Clearly provocative
That is how events played out this weekend when the Brighton Centre played host to FiLiA, a Europe-wide feminist campaigning organisation who held their annual conference in the city. You might be forgiven for believing that the Sussex venue would be ideal for a conference debating women’s and girls’ rights. Brighton, after all, is Britain’s San Francisco, known for its high proportion of gay and trans citizens and a generally progressive outlook.
That’s just it though. The two don’t march together any more. Women and girls’ rights are one thing and trans ideology is another. The “gay” umbrella is full of gaping holes that let the rain in, because lesbians don’t necessarily want to be inclooosive of men who call themselves lesbians, and men who idennify as lesbians are intensely hostile to gender critical lesbians.
You would be mistaken, however. The city “welcomed” the conference the night before it was due to open by sending along a gang of masked men who smashed windows and spray-painted graffiti on its walls in protest at the women being allowed to gather there.
Let’s face it, women over the age of 11 are a menace. They should all be locked up. It’s good enough for Kabul, so why not for Brighton?
Even worse, one of the city’s MPs offered no support to the delegates. Sian Berry, who represents Brighton Pavilion for the Green Party, tweeted that: “Events that inflame division and create tension should be guarded against and [Brighton and Hove Council] needs better policies for which events it will host in our council-owned venues. The choice of Brighton was clearly provocative from organisers and the problems predictable.”
Note how an elected representative makes such great effort to avoid blaming the vandals and thugs who carried out this act of intimidation; look how she blames the women taking part in the conference for “provoking” innocent men into breaking the law against their will.
We did. We noted. We looked. We objected.
Imagine Raphael Warnock tweeted about anti-racism activists being “provocative” by choosing Yazoo City, Mississippi for a conference. Yes, that would be “provocative” in the sense of provoking attention to a long history of racism, and that’s a good thing. Brighton is way too much on the side of people who have decided women are the oppressor class. Brighton needs some provoking.
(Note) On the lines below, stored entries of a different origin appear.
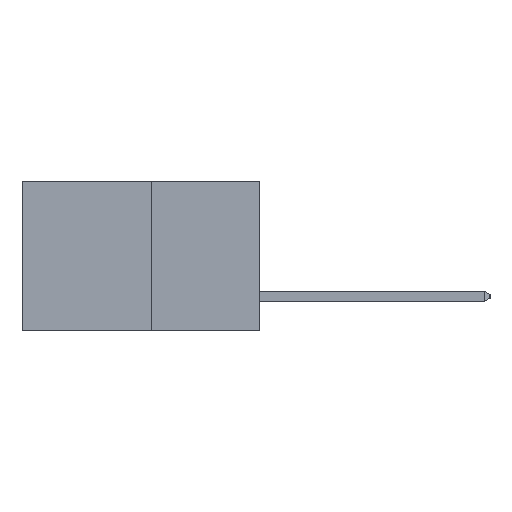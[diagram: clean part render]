
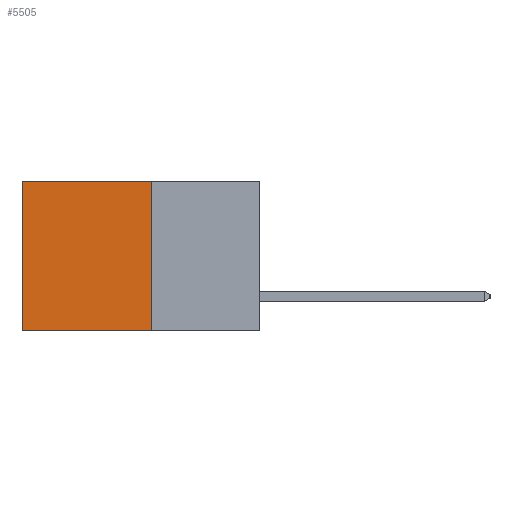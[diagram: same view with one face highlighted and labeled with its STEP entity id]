
A CAD part, left-side view. The second image highlights one B-rep face of the part: STEP entity #5505.
In plain terms, the highlighted planar face has unit normal (-1, 0, 0).
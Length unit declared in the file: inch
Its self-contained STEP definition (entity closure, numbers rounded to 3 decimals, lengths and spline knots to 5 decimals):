
#91 = ORIENTED_EDGE ( 'NONE', *, *, #5027, .F. ) ;
#446 = LINE ( 'NONE', #5368, #6339 ) ;
#801 = CARTESIAN_POINT ( 'NONE',  ( 0.277, 0.27, 0. ) ) ;
#859 = EDGE_LOOP ( 'NONE', ( #1748, #1583, #91, #4165 ) ) ;
#1482 = DIRECTION ( 'NONE',  ( 0., 0., -1. ) ) ;
#1583 = ORIENTED_EDGE ( 'NONE', *, *, #2977, .F. ) ;
#1748 = ORIENTED_EDGE ( 'NONE', *, *, #4600, .T. ) ;
#1811 = AXIS2_PLACEMENT_3D ( 'NONE', #5133, #7328, #2903 ) ;
#2191 = VERTEX_POINT ( 'NONE', #3289 ) ;
#2903 = DIRECTION ( 'NONE',  ( 0., 0., -1. ) ) ;
#2977 = EDGE_CURVE ( 'NONE', #7564, #2191, #446, .T. ) ;
#3289 = CARTESIAN_POINT ( 'NONE',  ( 0.277, 0.59, -0.37 ) ) ;
#3472 = VERTEX_POINT ( 'NONE', #5528 ) ;
#4145 = EDGE_CURVE ( 'NONE', #9216, #3472, #9530, .T. ) ;
#4165 = ORIENTED_EDGE ( 'NONE', *, *, #4145, .T. ) ;
#4229 = LINE ( 'NONE', #4830, #5964 ) ;
#4600 = EDGE_CURVE ( 'NONE', #3472, #2191, #4229, .T. ) ;
#4814 = LINE ( 'NONE', #9636, #5032 ) ;
#4830 = CARTESIAN_POINT ( 'NONE',  ( 0.277, 0.59, -0.37 ) ) ;
#5027 = EDGE_CURVE ( 'NONE', #9216, #7564, #4814, .T. ) ;
#5032 = VECTOR ( 'NONE', #1482, 39.37008 ) ;
#5133 = CARTESIAN_POINT ( 'NONE',  ( 0.277, 0.27, -0.37 ) ) ;
#5368 = CARTESIAN_POINT ( 'NONE',  ( 0.277, 0.27, -0.37 ) ) ;
#5505 = ADVANCED_FACE ( 'NONE', ( #5893 ), #9383, .F. ) ;
#5528 = CARTESIAN_POINT ( 'NONE',  ( 0.277, 0.59, 0. ) ) ;
#5752 = CARTESIAN_POINT ( 'NONE',  ( 0.277, 0.27, 0. ) ) ;
#5893 = FACE_OUTER_BOUND ( 'NONE', #859, .T. ) ;
#5964 = VECTOR ( 'NONE', #9115, 39.37008 ) ;
#6246 = CARTESIAN_POINT ( 'NONE',  ( 0.277, 0.27, -0.37 ) ) ;
#6339 = VECTOR ( 'NONE', #7572, 39.37008 ) ;
#6423 = VECTOR ( 'NONE', #7149, 39.37008 ) ;
#7149 = DIRECTION ( 'NONE',  ( 0., 1., 0. ) ) ;
#7328 = DIRECTION ( 'NONE',  ( 1., 0., 0. ) ) ;
#7564 = VERTEX_POINT ( 'NONE', #6246 ) ;
#7572 = DIRECTION ( 'NONE',  ( 0., 1., 0. ) ) ;
#9115 = DIRECTION ( 'NONE',  ( 0., 0., -1. ) ) ;
#9216 = VERTEX_POINT ( 'NONE', #801 ) ;
#9383 = PLANE ( 'NONE',  #1811 ) ;
#9530 = LINE ( 'NONE', #5752, #6423 ) ;
#9636 = CARTESIAN_POINT ( 'NONE',  ( 0.277, 0.27, -0.37 ) ) ;

Does this victim blaming sound at all familiar? As the Labour MP Jonathan Hinder tweeted: “Why did she wind him up? She knows he’s got a bad temper!”
We know the trans army has a bad temper. We think it needs to learn to control that temper.
t wasn’t just the Greens who shamed themselves by their behaviour; their progressive stablemates, the Liberal Democrats, after reports of the night time attack, were only too happy to crow about how their own conference had been free from such violence and vandalism: “We thought the Brighton Centre looked much better when the [LibDems] had our conference there a year ago,” tweeted the party’s LGBT section.
Maybe that’s because Sir Ed Davey’s party is careful not to say anything that might upset certain sections of the community who are ever ready to slip on their size 12 stilettos and do some damage to anyone who disagrees with them. In this way, they guarantee “protection” for their events…
No no no it’s because they are so vulnerable.
Isn’t it?
Making up the triumvirate of shame was the Labour Party, which controls the local council and which refused to provide security protection for the women using one of its venues on the entirely unconvincing basis that it would be “disproportionate”, and not at all because they wanted to keep on the good side of the many trans people in Brighton who currently vote for them.
So interesting. Men bullying women is not disproportionate; stopping men bullying women is. Why’s that?
[T]he right of women to congregate and talk about their own safety is being fatally compromised. If female MPs like Sian Berry from allegedly “progressive” parties can no longer be expected to stand in defence of those rights, then who can?
The footsoldiers.

Let’s hope that the council doesn’t stick FiLiA with the bill for the vandalism.
You’d think a female MP would know how bad it would look to say the equivalent of “What was she wearing?”
Between that possibility and one of the opening speakers figuratively (as one of the organisers said) ‘taking a dump’ on the stage on Friday (and the organisers’ inaction to date in response – with a good proportion of women likely to choose not to return as a result) Filia’s days may be numbered.
It adds a whole new dimension to that grand old music hall song Hello! Hello! Who’s Your Lady Friend?